Transcribe the data in full and exactly, omitting any pictures.

Extracted data START

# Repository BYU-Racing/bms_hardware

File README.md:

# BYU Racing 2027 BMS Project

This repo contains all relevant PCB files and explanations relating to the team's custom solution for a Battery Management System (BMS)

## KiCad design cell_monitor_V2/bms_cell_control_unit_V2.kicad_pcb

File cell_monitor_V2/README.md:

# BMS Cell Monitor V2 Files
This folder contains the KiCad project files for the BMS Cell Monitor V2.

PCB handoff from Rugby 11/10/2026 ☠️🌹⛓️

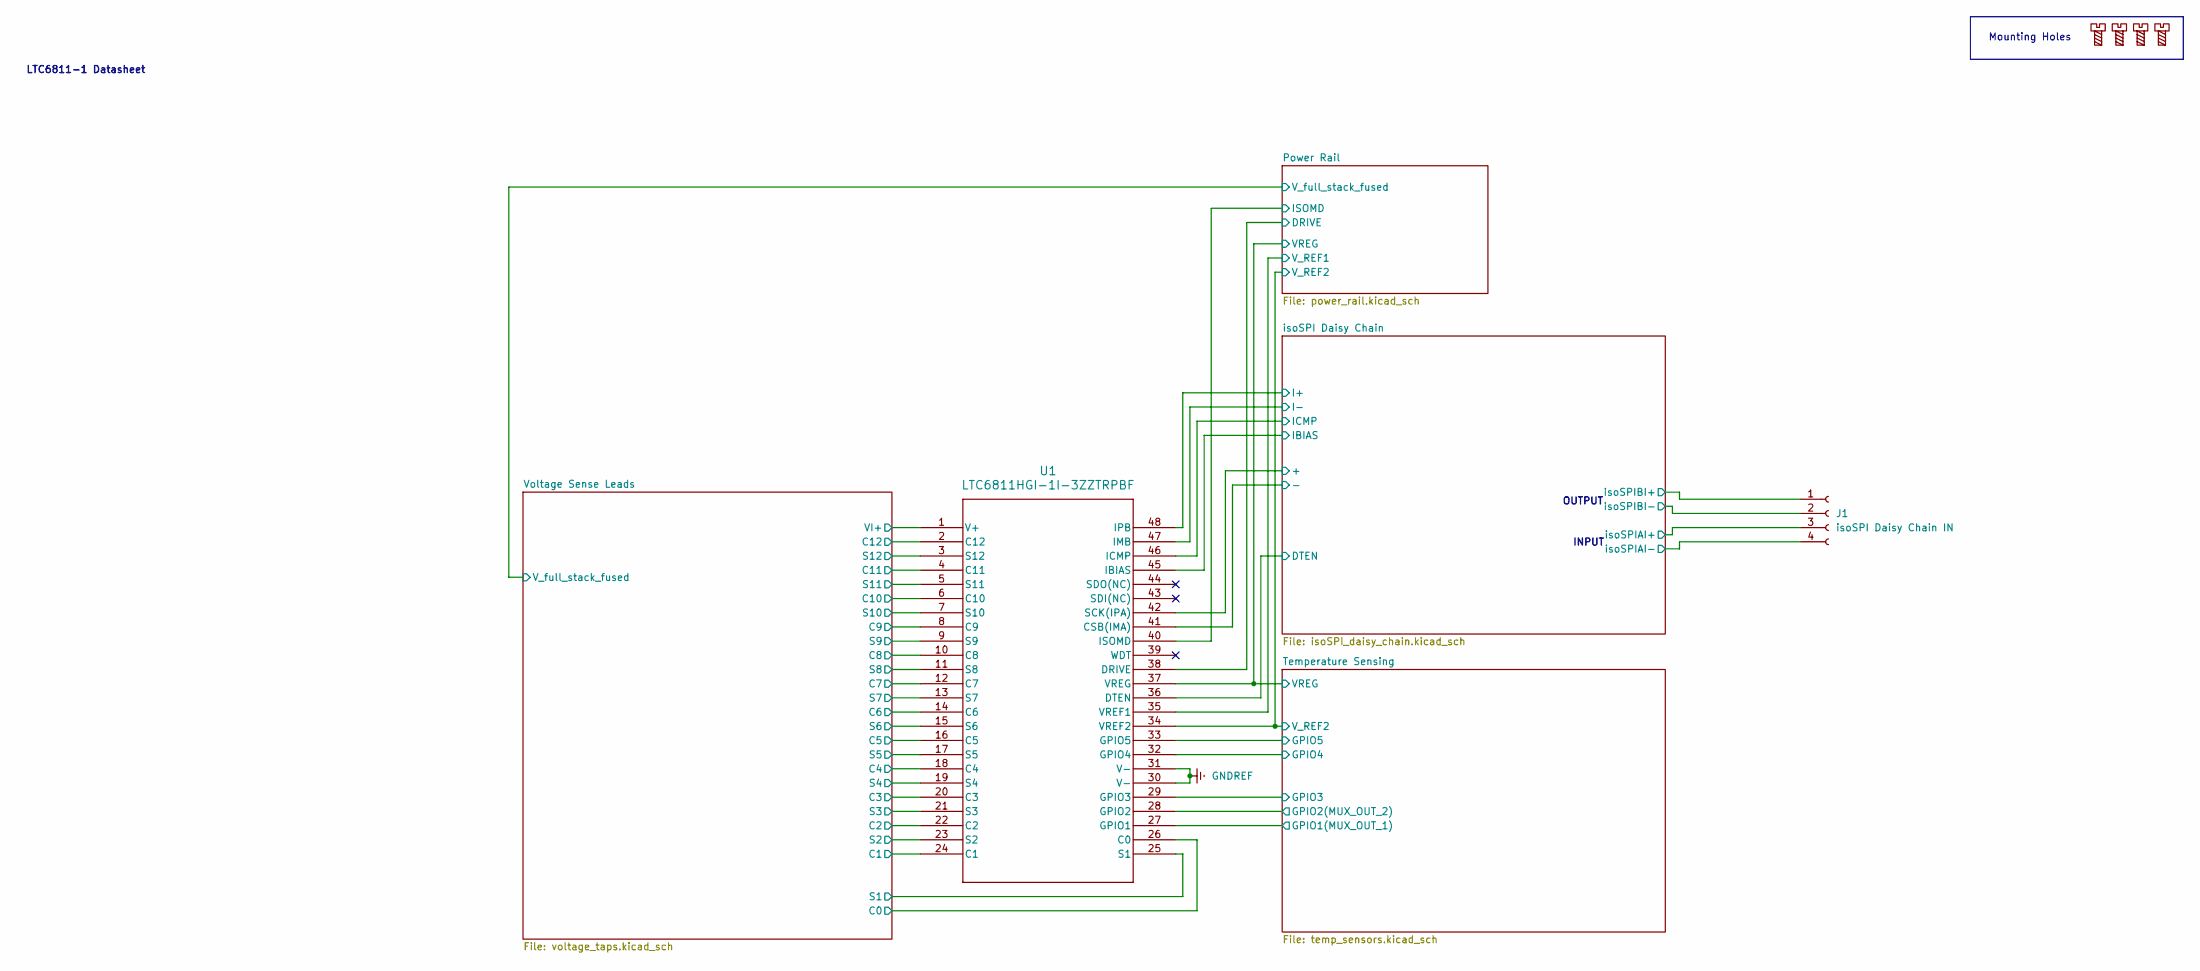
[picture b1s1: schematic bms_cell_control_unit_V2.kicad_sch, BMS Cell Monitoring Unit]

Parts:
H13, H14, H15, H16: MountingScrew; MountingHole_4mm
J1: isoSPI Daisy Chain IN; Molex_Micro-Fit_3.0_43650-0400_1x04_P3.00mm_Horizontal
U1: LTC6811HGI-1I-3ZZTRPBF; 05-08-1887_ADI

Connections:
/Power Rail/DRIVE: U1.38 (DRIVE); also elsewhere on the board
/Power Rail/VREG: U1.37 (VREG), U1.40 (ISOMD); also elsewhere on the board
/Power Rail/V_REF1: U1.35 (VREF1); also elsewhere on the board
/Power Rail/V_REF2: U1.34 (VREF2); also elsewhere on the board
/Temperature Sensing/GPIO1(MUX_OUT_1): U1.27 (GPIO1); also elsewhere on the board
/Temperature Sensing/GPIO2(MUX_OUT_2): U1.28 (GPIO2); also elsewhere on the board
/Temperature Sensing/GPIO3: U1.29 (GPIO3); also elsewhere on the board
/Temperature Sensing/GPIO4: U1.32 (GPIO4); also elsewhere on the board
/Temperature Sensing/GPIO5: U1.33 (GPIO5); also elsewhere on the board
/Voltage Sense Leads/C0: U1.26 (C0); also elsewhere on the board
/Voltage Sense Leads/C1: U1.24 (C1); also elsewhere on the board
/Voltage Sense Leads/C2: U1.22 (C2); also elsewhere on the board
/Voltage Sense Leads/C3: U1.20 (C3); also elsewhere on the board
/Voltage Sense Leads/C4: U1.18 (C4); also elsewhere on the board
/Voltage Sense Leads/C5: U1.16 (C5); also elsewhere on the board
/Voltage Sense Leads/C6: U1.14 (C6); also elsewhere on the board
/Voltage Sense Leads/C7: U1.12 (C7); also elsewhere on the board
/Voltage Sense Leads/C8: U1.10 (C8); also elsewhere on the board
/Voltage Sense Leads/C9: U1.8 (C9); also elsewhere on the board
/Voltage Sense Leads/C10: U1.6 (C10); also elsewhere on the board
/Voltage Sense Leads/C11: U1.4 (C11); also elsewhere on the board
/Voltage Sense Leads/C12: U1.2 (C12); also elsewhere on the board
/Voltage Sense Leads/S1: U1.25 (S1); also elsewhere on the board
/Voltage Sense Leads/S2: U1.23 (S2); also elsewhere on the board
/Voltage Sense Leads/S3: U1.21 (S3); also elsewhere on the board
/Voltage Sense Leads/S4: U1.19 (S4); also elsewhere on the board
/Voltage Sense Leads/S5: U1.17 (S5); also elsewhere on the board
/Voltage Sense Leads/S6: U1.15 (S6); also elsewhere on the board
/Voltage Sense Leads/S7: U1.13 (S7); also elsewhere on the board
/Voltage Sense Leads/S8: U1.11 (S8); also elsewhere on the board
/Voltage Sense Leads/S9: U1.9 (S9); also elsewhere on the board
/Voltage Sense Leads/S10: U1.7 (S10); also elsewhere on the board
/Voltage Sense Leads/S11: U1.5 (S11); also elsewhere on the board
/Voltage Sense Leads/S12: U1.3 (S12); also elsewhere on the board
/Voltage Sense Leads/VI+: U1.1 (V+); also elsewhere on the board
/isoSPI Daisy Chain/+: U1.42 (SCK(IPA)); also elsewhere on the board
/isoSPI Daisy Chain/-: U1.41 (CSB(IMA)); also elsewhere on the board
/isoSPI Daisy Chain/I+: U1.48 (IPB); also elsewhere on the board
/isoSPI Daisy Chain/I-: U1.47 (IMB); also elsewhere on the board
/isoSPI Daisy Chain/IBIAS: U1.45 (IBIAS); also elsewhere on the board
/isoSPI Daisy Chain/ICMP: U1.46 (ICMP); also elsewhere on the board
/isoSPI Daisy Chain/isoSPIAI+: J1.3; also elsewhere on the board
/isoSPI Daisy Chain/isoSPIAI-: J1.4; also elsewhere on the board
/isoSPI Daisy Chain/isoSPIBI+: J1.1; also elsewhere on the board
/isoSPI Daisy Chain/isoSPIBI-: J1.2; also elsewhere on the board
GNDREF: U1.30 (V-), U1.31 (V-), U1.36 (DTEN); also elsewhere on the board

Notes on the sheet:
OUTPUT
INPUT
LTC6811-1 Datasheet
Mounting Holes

Extracted data END

Task result —
# Repository BYU-Racing/bms_hardware

File README.md:

# BYU Racing 2027 BMS Project

This repo contains all relevant PCB files and explanations relating to the team's custom solution for a Battery Management System (BMS)

## KiCad design cell_monitor_V2/bms_cell_control_unit_V2.kicad_pcb

File cell_monitor_V2/README.md:

# BMS Cell Monitor V2 Files
This folder contains the KiCad project files for the BMS Cell Monitor V2.

PCB handoff from Rugby 11/10/2026 ☠️🌹⛓️

[picture b1s1: schematic bms_cell_control_unit_V2.kicad_sch, BMS Cell Monitoring Unit]

Parts:
H13, H14, H15, H16: MountingScrew; MountingHole_4mm
J1: isoSPI Daisy Chain IN; Molex_Micro-Fit_3.0_43650-0400_1x04_P3.00mm_Horizontal
U1: LTC6811HGI-1I-3ZZTRPBF; 05-08-1887_ADI

Connections:
/Power Rail/DRIVE: U1.38 (DRIVE); also elsewhere on the board
/Power Rail/VREG: U1.37 (VREG), U1.40 (ISOMD); also elsewhere on the board
/Power Rail/V_REF1: U1.35 (VREF1); also elsewhere on the board
/Power Rail/V_REF2: U1.34 (VREF2); also elsewhere on the board
/Temperature Sensing/GPIO1(MUX_OUT_1): U1.27 (GPIO1); also elsewhere on the board
/Temperature Sensing/GPIO2(MUX_OUT_2): U1.28 (GPIO2); also elsewhere on the board
/Temperature Sensing/GPIO3: U1.29 (GPIO3); also elsewhere on the board
/Temperature Sensing/GPIO4: U1.32 (GPIO4); also elsewhere on the board
/Temperature Sensing/GPIO5: U1.33 (GPIO5); also elsewhere on the board
/Voltage Sense Leads/C0: U1.26 (C0); also elsewhere on the board
/Voltage Sense Leads/C1: U1.24 (C1); also elsewhere on the board
/Voltage Sense Leads/C2: U1.22 (C2); also elsewhere on the board
/Voltage Sense Leads/C3: U1.20 (C3); also elsewhere on the board
/Voltage Sense Leads/C4: U1.18 (C4); also elsewhere on the board
/Voltage Sense Leads/C5: U1.16 (C5); also elsewhere on the board
/Voltage Sense Leads/C6: U1.14 (C6); also elsewhere on the board
/Voltage Sense Leads/C7: U1.12 (C7); also elsewhere on the board
/Voltage Sense Leads/C8: U1.10 (C8); also elsewhere on the board
/Voltage Sense Leads/C9: U1.8 (C9); also elsewhere on the board
/Voltage Sense Leads/C10: U1.6 (C10); also elsewhere on the board
/Voltage Sense Leads/C11: U1.4 (C11); also elsewhere on the board
/Voltage Sense Leads/C12: U1.2 (C12); also elsewhere on the board
/Voltage Sense Leads/S1: U1.25 (S1); also elsewhere on the board
/Voltage Sense Leads/S2: U1.23 (S2); also elsewhere on the board
/Voltage Sense Leads/S3: U1.21 (S3); also elsewhere on the board
/Voltage Sense Leads/S4: U1.19 (S4); also elsewhere on the board
/Voltage Sense Leads/S5: U1.17 (S5); also elsewhere on the board
/Voltage Sense Leads/S6: U1.15 (S6); also elsewhere on the board
/Voltage Sense Leads/S7: U1.13 (S7); also elsewhere on the board
/Voltage Sense Leads/S8: U1.11 (S8); also elsewhere on the board
/Voltage Sense Leads/S9: U1.9 (S9); also elsewhere on the board
/Voltage Sense Leads/S10: U1.7 (S10); also elsewhere on the board
/Voltage Sense Leads/S11: U1.5 (S11); also elsewhere on the board
/Voltage Sense Leads/S12: U1.3 (S12); also elsewhere on the board
/Voltage Sense Leads/VI+: U1.1 (V+); also elsewhere on the board
/isoSPI Daisy Chain/+: U1.42 (SCK(IPA)); also elsewhere on the board
/isoSPI Daisy Chain/-: U1.41 (CSB(IMA)); also elsewhere on the board
/isoSPI Daisy Chain/I+: U1.48 (IPB); also elsewhere on the board
/isoSPI Daisy Chain/I-: U1.47 (IMB); also elsewhere on the board
/isoSPI Daisy Chain/IBIAS: U1.45 (IBIAS); also elsewhere on the board
/isoSPI Daisy Chain/ICMP: U1.46 (ICMP); also elsewhere on the board
/isoSPI Daisy Chain/isoSPIAI+: J1.3; also elsewhere on the board
/isoSPI Daisy Chain/isoSPIAI-: J1.4; also elsewhere on the board
/isoSPI Daisy Chain/isoSPIBI+: J1.1; also elsewhere on the board
/isoSPI Daisy Chain/isoSPIBI-: J1.2; also elsewhere on the board
GNDREF: U1.30 (V-), U1.31 (V-), U1.36 (DTEN); also elsewhere on the board

Notes on the sheet:
OUTPUT
INPUT
LTC6811-1 Datasheet
Mounting Holes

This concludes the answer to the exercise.